Merunut literatur kuno darimana datangnya "Siksa" sebagai ajaran tertera dalam literatur pra-Weda dalam agama Hindu.

Penelusuran dapat kita lakukan pada Wedangga. Wedangga atau Vedanga (vedāṅga) yang berarti "bagian-bagian" merupakan sastra sebagai "alat bantu" dalam memahami Veda. Wedangga merupakan buku sumber dalam mempelajari dan mendalami secara nyata dari mantra-mantra Veda.

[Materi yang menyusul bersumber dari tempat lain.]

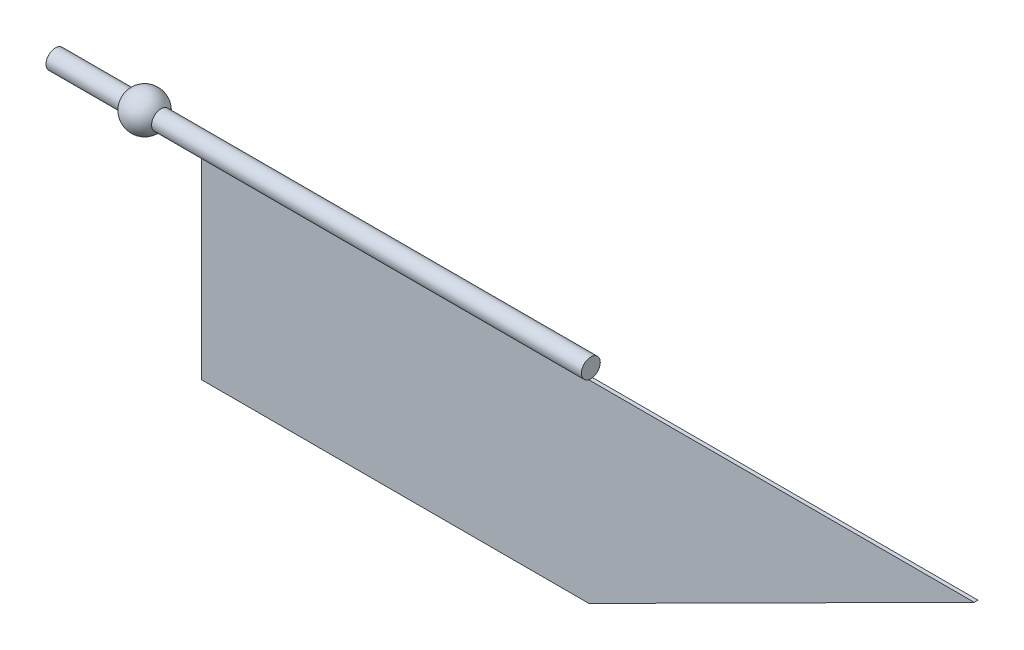
ISO-10303-21;
HEADER;
FILE_DESCRIPTION(('STEP AP214'),'2;1');
FILE_NAME('part.step','',(''),(''),'','','');
FILE_SCHEMA(('AUTOMOTIVE_DESIGN { 1 0 10303 214 1 1 1 1 }'));
ENDSEC;
DATA;
#1=APPLICATION_CONTEXT('core data for automotive mechanical design processes');
#2=APPLICATION_PROTOCOL_DEFINITION('international standard','automotive_design',2000,#1);
#3=PRODUCT_CONTEXT('',#1,'mechanical');
#4=PRODUCT('Part','Part','',(#3));
#5=PRODUCT_RELATED_PRODUCT_CATEGORY('part','',(#4));
#6=PRODUCT_DEFINITION_FORMATION('','',#4);
#7=PRODUCT_DEFINITION_CONTEXT('part definition',#1,'design');
#8=PRODUCT_DEFINITION('design','',#6,#7);
#9=PRODUCT_DEFINITION_SHAPE('','',#8);
#10=(LENGTH_UNIT() NAMED_UNIT(*) SI_UNIT(.MILLI.,.METRE.));
#11=(NAMED_UNIT(*) PLANE_ANGLE_UNIT() SI_UNIT($,.RADIAN.));
#12=(NAMED_UNIT(*) SI_UNIT($,.STERADIAN.) SOLID_ANGLE_UNIT());
#13=UNCERTAINTY_MEASURE_WITH_UNIT(LENGTH_MEASURE(1.E-05),#10,'distance_accuracy_value','');
#14=(GEOMETRIC_REPRESENTATION_CONTEXT(3) GLOBAL_UNCERTAINTY_ASSIGNED_CONTEXT((#13)) GLOBAL_UNIT_ASSIGNED_CONTEXT((#10,
#11,#12)) REPRESENTATION_CONTEXT('',''));
#15=CARTESIAN_POINT('',(0.,0.,0.));
#16=DIRECTION('',(0.,0.,1.));
#17=DIRECTION('',(1.,0.,0.));
#18=AXIS2_PLACEMENT_3D('',#15,#16,#17);
#19=CARTESIAN_POINT('',(12.4607692051384,-24.7953276156456,0.127));
#20=DIRECTION('',(-0.449031905592181,0.893515723286532,0.));
#21=DIRECTION('',(-0.893515723286532,-0.449031905592181,0.));
#22=AXIS2_PLACEMENT_3D('',#19,#20,#21);
#23=PLANE('',#22);
#24=DIRECTION('',(0.893515723286532,0.449031905592181,0.));
#25=VECTOR('',#24,1.);
#26=CARTESIAN_POINT('',(12.4607692051384,-24.7953276156456,-0.127));
#27=LINE('',#26,#25);
#28=CARTESIAN_POINT('',(35.9365149650358,-12.9977077427786,-0.127));
#29=VERTEX_POINT('',#28);
#30=CARTESIAN_POINT('',(61.8002811923816,0.,-0.127));
#31=VERTEX_POINT('',#30);
#32=EDGE_CURVE('E111',#29,#31,#27,.T.);
#33=ORIENTED_EDGE('',*,*,#32,.T.);
#34=DIRECTION('',(0.,0.,-1.));
#35=VECTOR('',#34,1.);
#36=CARTESIAN_POINT('',(61.8002811923816,0.,0.127));
#37=LINE('',#36,#35);
#38=CARTESIAN_POINT('',(61.8002811923816,0.,0.127));
#39=VERTEX_POINT('',#38);
#40=EDGE_CURVE('E12',#39,#31,#37,.T.);
#41=ORIENTED_EDGE('',*,*,#40,.F.);
#42=DIRECTION('',(0.893515723286532,0.449031905592181,0.));
#43=VECTOR('',#42,1.);
#44=CARTESIAN_POINT('',(12.4607692051384,-24.7953276156456,0.127));
#45=LINE('',#44,#43);
#46=CARTESIAN_POINT('',(35.9365149650358,-12.9977077427786,0.127));
#47=VERTEX_POINT('',#46);
#48=EDGE_CURVE('E105',#47,#39,#45,.T.);
#49=ORIENTED_EDGE('',*,*,#48,.F.);
#50=DIRECTION('',(0.,0.,-1.));
#51=VECTOR('',#50,1.);
#52=CARTESIAN_POINT('',(35.9365149650358,-12.9977077427786,0.127));
#53=LINE('',#52,#51);
#54=EDGE_CURVE('E109',#47,#29,#53,.T.);
#55=ORIENTED_EDGE('',*,*,#54,.T.);
#56=EDGE_LOOP('',(#33,#41,#49,#55));
#57=FACE_BOUND('',#56,.T.);
#58=ADVANCED_FACE('F51',(#57),#23,.F.);
#59=CARTESIAN_POINT('',(0.,0.,0.127));
#60=DIRECTION('',(0.,-1.,0.));
#61=DIRECTION('',(0.,0.,-1.));
#62=AXIS2_PLACEMENT_3D('',#59,#60,#61);
#63=PLANE('',#62);
#64=DIRECTION('',(-1.,0.,0.));
#65=VECTOR('',#64,1.);
#66=CARTESIAN_POINT('',(0.,0.,-0.127));
#67=LINE('',#66,#65);
#68=CARTESIAN_POINT('',(9.92121977920196,0.,-0.127));
#69=VERTEX_POINT('',#68);
#70=EDGE_CURVE('E106',#31,#69,#67,.T.);
#71=ORIENTED_EDGE('',*,*,#70,.T.);
#72=DIRECTION('',(0.,0.,-1.));
#73=VECTOR('',#72,1.);
#74=CARTESIAN_POINT('',(9.92121977920196,0.,0.127));
#75=LINE('',#74,#73);
#76=CARTESIAN_POINT('',(9.92121977920196,0.,0.127));
#77=VERTEX_POINT('',#76);
#78=EDGE_CURVE('E56',#77,#69,#75,.T.);
#79=ORIENTED_EDGE('',*,*,#78,.F.);
#80=DIRECTION('',(-1.,0.,0.));
#81=VECTOR('',#80,1.);
#82=CARTESIAN_POINT('',(0.,0.,0.127));
#83=LINE('',#82,#81);
#84=EDGE_CURVE('E100',#39,#77,#83,.T.);
#85=ORIENTED_EDGE('',*,*,#84,.F.);
#86=ORIENTED_EDGE('',*,*,#40,.T.);
#87=EDGE_LOOP('',(#71,#79,#85,#86));
#88=FACE_BOUND('',#87,.T.);
#89=ADVANCED_FACE('F104',(#88),#63,.F.);
#90=CARTESIAN_POINT('',(9.92121977920196,0.,0.127));
#91=DIRECTION('',(1.,0.,0.));
#92=DIRECTION('',(0.,0.,-1.));
#93=AXIS2_PLACEMENT_3D('',#90,#91,#92);
#94=PLANE('',#93);
#95=DIRECTION('',(0.,-1.,0.));
#96=VECTOR('',#95,1.);
#97=CARTESIAN_POINT('',(9.92121977920196,0.,-0.127));
#98=LINE('',#97,#96);
#99=CARTESIAN_POINT('',(9.92121977920196,-12.9977077427786,-0.127));
#100=VERTEX_POINT('',#99);
#101=EDGE_CURVE('E82',#69,#100,#98,.T.);
#102=ORIENTED_EDGE('',*,*,#101,.T.);
#103=DIRECTION('',(0.,0.,-1.));
#104=VECTOR('',#103,1.);
#105=CARTESIAN_POINT('',(9.92121977920196,-12.9977077427786,0.127));
#106=LINE('',#105,#104);
#107=CARTESIAN_POINT('',(9.92121977920196,-12.9977077427786,0.127));
#108=VERTEX_POINT('',#107);
#109=EDGE_CURVE('E110',#108,#100,#106,.T.);
#110=ORIENTED_EDGE('',*,*,#109,.F.);
#111=DIRECTION('',(0.,-1.,0.));
#112=VECTOR('',#111,1.);
#113=CARTESIAN_POINT('',(9.92121977920196,0.,0.127));
#114=LINE('',#113,#112);
#115=EDGE_CURVE('E99',#77,#108,#114,.T.);
#116=ORIENTED_EDGE('',*,*,#115,.F.);
#117=ORIENTED_EDGE('',*,*,#78,.T.);
#118=EDGE_LOOP('',(#102,#110,#116,#117));
#119=FACE_BOUND('',#118,.T.);
#120=ADVANCED_FACE('F107',(#119),#94,.F.);
#121=CARTESIAN_POINT('',(0.,-12.9977077427786,0.127));
#122=DIRECTION('',(0.,1.,0.));
#123=DIRECTION('',(0.,0.,1.));
#124=AXIS2_PLACEMENT_3D('',#121,#122,#123);
#125=PLANE('',#124);
#126=DIRECTION('',(1.,0.,0.));
#127=VECTOR('',#126,1.);
#128=CARTESIAN_POINT('',(0.,-12.9977077427786,-0.127));
#129=LINE('',#128,#127);
#130=EDGE_CURVE('E89',#100,#29,#129,.T.);
#131=ORIENTED_EDGE('',*,*,#130,.T.);
#132=ORIENTED_EDGE('',*,*,#54,.F.);
#133=DIRECTION('',(1.,0.,0.));
#134=VECTOR('',#133,1.);
#135=CARTESIAN_POINT('',(0.,-12.9977077427786,0.127));
#136=LINE('',#135,#134);
#137=EDGE_CURVE('E70',#108,#47,#136,.T.);
#138=ORIENTED_EDGE('',*,*,#137,.F.);
#139=ORIENTED_EDGE('',*,*,#109,.T.);
#140=EDGE_LOOP('',(#131,#132,#138,#139));
#141=FACE_BOUND('',#140,.T.);
#142=ADVANCED_FACE('F123',(#141),#125,.F.);
#143=CARTESIAN_POINT('',(0.,0.,0.127));
#144=DIRECTION('',(0.,0.,1.));
#145=DIRECTION('',(1.,0.,0.));
#146=AXIS2_PLACEMENT_3D('',#143,#144,#145);
#147=PLANE('',#146);
#148=ORIENTED_EDGE('',*,*,#48,.T.);
#149=ORIENTED_EDGE('',*,*,#84,.T.);
#150=ORIENTED_EDGE('',*,*,#115,.T.);
#151=ORIENTED_EDGE('',*,*,#137,.T.);
#152=EDGE_LOOP('',(#148,#149,#150,#151));
#153=FACE_BOUND('',#152,.T.);
#154=ADVANCED_FACE('F98',(#153),#147,.T.);
#155=CARTESIAN_POINT('',(0.,0.,-0.127));
#156=DIRECTION('',(0.,0.,1.));
#157=DIRECTION('',(1.,0.,0.));
#158=AXIS2_PLACEMENT_3D('',#155,#156,#157);
#159=PLANE('',#158);
#160=ORIENTED_EDGE('',*,*,#32,.F.);
#161=ORIENTED_EDGE('',*,*,#130,.F.);
#162=ORIENTED_EDGE('',*,*,#101,.F.);
#163=ORIENTED_EDGE('',*,*,#70,.F.);
#164=EDGE_LOOP('',(#160,#161,#162,#163));
#165=FACE_BOUND('',#164,.T.);
#166=ADVANCED_FACE('F122',(#165),#159,.F.);
#167=CLOSED_SHELL('',(#58,#89,#120,#142,#154,#166));
#168=MANIFOLD_SOLID_BREP('B2',#167);
#169=CARTESIAN_POINT('',(5.98668085653127,0.634999999999996,0.));
#170=DIRECTION('',(1.,0.,0.));
#171=DIRECTION('',(0.,-1.,0.));
#172=AXIS2_PLACEMENT_3D('',#169,#170,#171);
#173=SPHERICAL_SURFACE('',#172,1.27);
#174=CARTESIAN_POINT('',(4.88682859372503,0.634999999999996,0.));
#175=DIRECTION('',(1.,0.,0.));
#176=DIRECTION('',(0.,1.,0.));
#177=AXIS2_PLACEMENT_3D('',#174,#175,#176);
#178=CIRCLE('',#177,0.634999999999996);
#179=CARTESIAN_POINT('',(4.88682859372503,0.,0.));
#180=VERTEX_POINT('',#179);
#181=EDGE_CURVE('E196',#180,#180,#178,.T.);
#182=CARTESIAN_POINT('',(7.08653311933751,0.634999999999996,0.));
#183=DIRECTION('',(1.,0.,0.));
#184=DIRECTION('',(0.,1.,0.));
#185=AXIS2_PLACEMENT_3D('',#182,#183,#184);
#186=CIRCLE('',#185,0.634999999999996);
#187=CARTESIAN_POINT('',(7.08653311933751,0.,0.));
#188=VERTEX_POINT('',#187);
#189=EDGE_CURVE('E49',#188,#188,#186,.T.);
#190=CARTESIAN_POINT('',(4.88682859372503,0.,0.));
#191=CARTESIAN_POINT('',(4.90068098348725,-0.0239958265704566,0.));
#192=CARTESIAN_POINT('',(4.91532089867445,-0.0475367926717353,0.));
#193=CARTESIAN_POINT('',(4.94610799913962,-0.0936115991980544,0.));
#194=CARTESIAN_POINT('',(4.9622551844176,-0.116145439623095,0.));
#195=CARTESIAN_POINT('',(4.99598904430519,-0.160108590059057,0.));
#196=CARTESIAN_POINT('',(5.01357571891481,-0.181537900069978,0.));
#197=CARTESIAN_POINT('',(5.05011288315113,-0.223200470284199,0.));
#198=CARTESIAN_POINT('',(5.06906337277783,-0.2434337304875,0.));
#199=CARTESIAN_POINT('',(5.10824711607087,-0.282617493726334,0.));
#200=CARTESIAN_POINT('',(5.1284803697372,-0.301567996761867,0.));
#201=CARTESIAN_POINT('',(5.17014297297116,-0.338105114234739,0.));
#202=CARTESIAN_POINT('',(5.1915723225388,-0.355691728672077,0.));
#203=CARTESIAN_POINT('',(5.23553536084159,-0.389425755667665,0.));
#204=CARTESIAN_POINT('',(5.25806904957674,-0.405573168225913,0.));
#205=CARTESIAN_POINT('',(5.30414427161601,-0.436359647022557,0.));
#206=CARTESIAN_POINT('',(5.32768580492014,-0.450998713260952,0.));
#207=CARTESIAN_POINT('',(5.3756759081424,-0.478705812351528,0.));
#208=CARTESIAN_POINT('',(5.40012447806053,-0.49177384520371,0.));
#209=CARTESIAN_POINT('',(5.44982396184574,-0.516282918289325,0.));
#210=CARTESIAN_POINT('',(5.47507487571282,-0.527723958522758,0.));
#211=CARTESIAN_POINT('',(5.52627091914239,-0.548930054055918,0.));
#212=CARTESIAN_POINT('',(5.55221604870489,-0.558695109355645,0.));
#213=CARTESIAN_POINT('',(5.60468942248762,-0.576507419561931,0.));
#214=CARTESIAN_POINT('',(5.63121766670787,-0.584554674468489,0.));
#215=CARTESIAN_POINT('',(5.68474367179427,-0.598896924305752,0.));
#216=CARTESIAN_POINT('',(5.71174143266042,-0.605191919236456,0.));
#217=CARTESIAN_POINT('',(5.76609086248115,-0.616002692987757,0.));
#218=CARTESIAN_POINT('',(5.79344253143572,-0.620518471808354,0.));
#219=CARTESIAN_POINT('',(5.84838265338789,-0.627751476081132,0.));
#220=CARTESIAN_POINT('',(5.87597110638549,-0.630468701533313,0.));
#221=CARTESIAN_POINT('',(5.93126665843249,-0.634092963492749,0.));
#222=CARTESIAN_POINT('',(5.95897375748188,-0.635000000000004,0.));
#223=CARTESIAN_POINT('',(6.01438795558066,-0.635000000000004,0.));
#224=CARTESIAN_POINT('',(6.04209505463006,-0.634092963492749,0.));
#225=CARTESIAN_POINT('',(6.09739060667705,-0.630468701533313,0.));
#226=CARTESIAN_POINT('',(6.12497905967465,-0.627751476081132,0.));
#227=CARTESIAN_POINT('',(6.17991918162682,-0.620518471808354,0.));
#228=CARTESIAN_POINT('',(6.20727085058139,-0.616002692987757,0.));
#229=CARTESIAN_POINT('',(6.26162028040212,-0.605191919236456,0.));
#230=CARTESIAN_POINT('',(6.28861804126827,-0.598896924305751,0.));
#231=CARTESIAN_POINT('',(6.34214404635467,-0.584554674468489,0.));
#232=CARTESIAN_POINT('',(6.36867229057492,-0.57650741956193,0.));
#233=CARTESIAN_POINT('',(6.42114566435766,-0.558695109355644,0.));
#234=CARTESIAN_POINT('',(6.44709079392015,-0.548930054055917,0.));
#235=CARTESIAN_POINT('',(6.49828683734972,-0.527723958522757,0.));
#236=CARTESIAN_POINT('',(6.5235377512168,-0.516282918289324,0.));
#237=CARTESIAN_POINT('',(6.57323723500201,-0.491773845203709,0.));
#238=CARTESIAN_POINT('',(6.59768580492014,-0.478705812351527,0.));
#239=CARTESIAN_POINT('',(6.6456759081424,-0.450998713260951,0.));
#240=CARTESIAN_POINT('',(6.66921744144653,-0.436359647022556,0.));
#241=CARTESIAN_POINT('',(6.71529266348581,-0.405573168225912,0.));
#242=CARTESIAN_POINT('',(6.73782635222096,-0.389425755667663,0.));
#243=CARTESIAN_POINT('',(6.78178939052374,-0.355691728672076,0.));
#244=CARTESIAN_POINT('',(6.80321874009138,-0.338105114234738,0.));
#245=CARTESIAN_POINT('',(6.84488134332534,-0.301567996761866,0.));
#246=CARTESIAN_POINT('',(6.86511459699167,-0.282617493726332,0.));
#247=CARTESIAN_POINT('',(6.90429834028471,-0.243433730487498,0.));
#248=CARTESIAN_POINT('',(6.92324882991142,-0.223200470284198,0.));
#249=CARTESIAN_POINT('',(6.95978599414774,-0.181537900069976,0.));
#250=CARTESIAN_POINT('',(6.97737266875735,-0.160108590059055,0.));
#251=CARTESIAN_POINT('',(7.01110652864494,-0.116145439623093,0.));
#252=CARTESIAN_POINT('',(7.02725371392292,-0.0936115991980528,0.));
#253=CARTESIAN_POINT('',(7.05804081438809,-0.0475367926717337,0.));
#254=CARTESIAN_POINT('',(7.07268072957529,-0.0239958265704551,0.));
#255=CARTESIAN_POINT('',(7.08653311933751,0.,0.));
#256=B_SPLINE_CURVE_WITH_KNOTS('',3,(#190,#191,#192,#193,#194,#195,#196,#197,#198,#199,#200,
#201,#202,#203,#204,#205,#206,#207,#208,#209,#210,#211,#212,#213,#214,#215,#216,#217,#218,#219,
#220,#221,#222,#223,#224,#225,#226,#227,#228,#229,#230,#231,#232,#233,#234,#235,#236,#237,#238,
#239,#240,#241,#242,#243,#244,#245,#246,#247,#248,#249,#250,#251,#252,#253,#254,#255),
.UNSPECIFIED.,.F.,.F.,(4,2,2,2,2,2,2,2,2,2,2,2,2,2,2,2,2,2,2,2,2,2,2,2,2,2,2,2,2,2,2,2,4),(0.,
0.0831064703673118,0.166212940734624,0.249319411101935,0.332425881469247,0.415532351836559,
0.498638822203871,0.581745292571182,0.664851762938494,0.747958233305806,0.831064703673118,
0.914171174040429,0.997277644407741,1.08038411477505,1.16349058514237,1.24659705550968,
1.32970352587699,1.4128099962443,1.49591646661161,1.57902293697892,1.66212940734624,
1.74523587771355,1.82834234808086,1.91144881844817,1.99455528881548,2.0776617591828,
2.16076822955011,2.24387469991742,2.32698117028473,2.41008764065204,2.49319411101935,
2.57630058138667,2.65940705175398),.UNSPECIFIED.);
#257=EDGE_CURVE('BSEAM184',#180,#188,#256,.T.);
#258=ORIENTED_EDGE('',*,*,#181,.T.);
#259=ORIENTED_EDGE('',*,*,#189,.F.);
#260=ORIENTED_EDGE('',*,*,#257,.T.);
#261=ORIENTED_EDGE('',*,*,#257,.F.);
#262=EDGE_LOOP('',(#258,#260,#259,#261));
#263=FACE_BOUND('',#262,.T.);
#264=ADVANCED_FACE('F184',(#263),#173,.T.);
#265=CARTESIAN_POINT('',(35.9365149650358,0.635,0.));
#266=DIRECTION('',(1.,0.,0.));
#267=DIRECTION('',(0.,1.,0.));
#268=AXIS2_PLACEMENT_3D('',#265,#266,#267);
#269=CYLINDRICAL_SURFACE('',#268,0.634999999999998);
#270=CARTESIAN_POINT('',(35.9365149650358,0.635,0.));
#271=DIRECTION('',(1.,0.,0.));
#272=DIRECTION('',(0.,1.,0.));
#273=AXIS2_PLACEMENT_3D('',#270,#271,#272);
#274=CIRCLE('',#273,0.635);
#275=CARTESIAN_POINT('',(35.9365149650358,1.27,0.));
#276=VERTEX_POINT('',#275);
#277=EDGE_CURVE('E188',#276,#276,#274,.T.);
#278=ORIENTED_EDGE('',*,*,#277,.F.);
#279=EDGE_LOOP('',(#278));
#280=FACE_BOUND('',#279,.T.);
#281=ORIENTED_EDGE('',*,*,#189,.T.);
#282=EDGE_LOOP('',(#281));
#283=FACE_BOUND('',#282,.T.);
#284=ADVANCED_FACE('F217',(#280,#283),#269,.T.);
#285=CARTESIAN_POINT('',(35.9365149650358,0.,0.));
#286=DIRECTION('',(-1.,0.,0.));
#287=DIRECTION('',(0.,-1.,0.));
#288=AXIS2_PLACEMENT_3D('',#285,#286,#287);
#289=PLANE('',#288);
#290=ORIENTED_EDGE('',*,*,#277,.T.);
#291=EDGE_LOOP('',(#290));
#292=FACE_BOUND('',#291,.T.);
#293=ADVANCED_FACE('F212',(#292),#289,.F.);
#294=CARTESIAN_POINT('',(0.,0.,0.));
#295=DIRECTION('',(1.,0.,0.));
#296=DIRECTION('',(0.,1.,0.));
#297=AXIS2_PLACEMENT_3D('',#294,#295,#296);
#298=PLANE('',#297);
#299=CARTESIAN_POINT('',(0.,0.634999999999995,0.));
#300=DIRECTION('',(1.,0.,0.));
#301=DIRECTION('',(0.,1.,0.));
#302=AXIS2_PLACEMENT_3D('',#299,#300,#301);
#303=CIRCLE('',#302,0.634999999999995);
#304=CARTESIAN_POINT('',(0.,1.26999999999999,0.));
#305=VERTEX_POINT('',#304);
#306=EDGE_CURVE('E192',#305,#305,#303,.T.);
#307=ORIENTED_EDGE('',*,*,#306,.F.);
#308=EDGE_LOOP('',(#307));
#309=FACE_BOUND('',#308,.T.);
#310=ADVANCED_FACE('F207',(#309),#298,.F.);
#311=CARTESIAN_POINT('',(35.9365149650358,0.635,0.));
#312=DIRECTION('',(1.,0.,0.));
#313=DIRECTION('',(0.,1.,0.));
#314=AXIS2_PLACEMENT_3D('',#311,#312,#313);
#315=CYLINDRICAL_SURFACE('',#314,0.634999999999996);
#316=ORIENTED_EDGE('',*,*,#181,.F.);
#317=EDGE_LOOP('',(#316));
#318=FACE_BOUND('',#317,.T.);
#319=ORIENTED_EDGE('',*,*,#306,.T.);
#320=EDGE_LOOP('',(#319));
#321=FACE_BOUND('',#320,.T.);
#322=ADVANCED_FACE('F206',(#318,#321),#315,.T.);
#323=CLOSED_SHELL('',(#264,#284,#293,#310,#322));
#324=MANIFOLD_SOLID_BREP('B6',#323);
#325=ADVANCED_BREP_SHAPE_REPRESENTATION('',(#18,#168,#324),#14);
#326=SHAPE_DEFINITION_REPRESENTATION(#9,#325);
ENDSEC;
END-ISO-10303-21;

Wedangga memiliki enam bagian, di antaranya adalah:

  1. Siksha (śikṣā): fonetika dan fonologi (sandhi).
  2. Chanda (chandas): irama.
  3. Vyakarana (vyākaraṇa): tata bahasa.
  4. Nirukta (nirukta): etimologi.
  5. Jyotisha (jyotiṣa): astrologi dan astronomi.
  6. Kalpa (kalpa): ilmu mengenai upacara keagamaan.

 

Wedangga pertama kali dimuat dalam Mudaka Upanishad, sebagai topik kajian bagi para siswa dalam mempelajari Veda. Kemudian, para siswa tersebut mengembangkan disiplin ilmu Wedangga sebagai ilmu yang mandiri, dan masing-masing menyusun Sutra.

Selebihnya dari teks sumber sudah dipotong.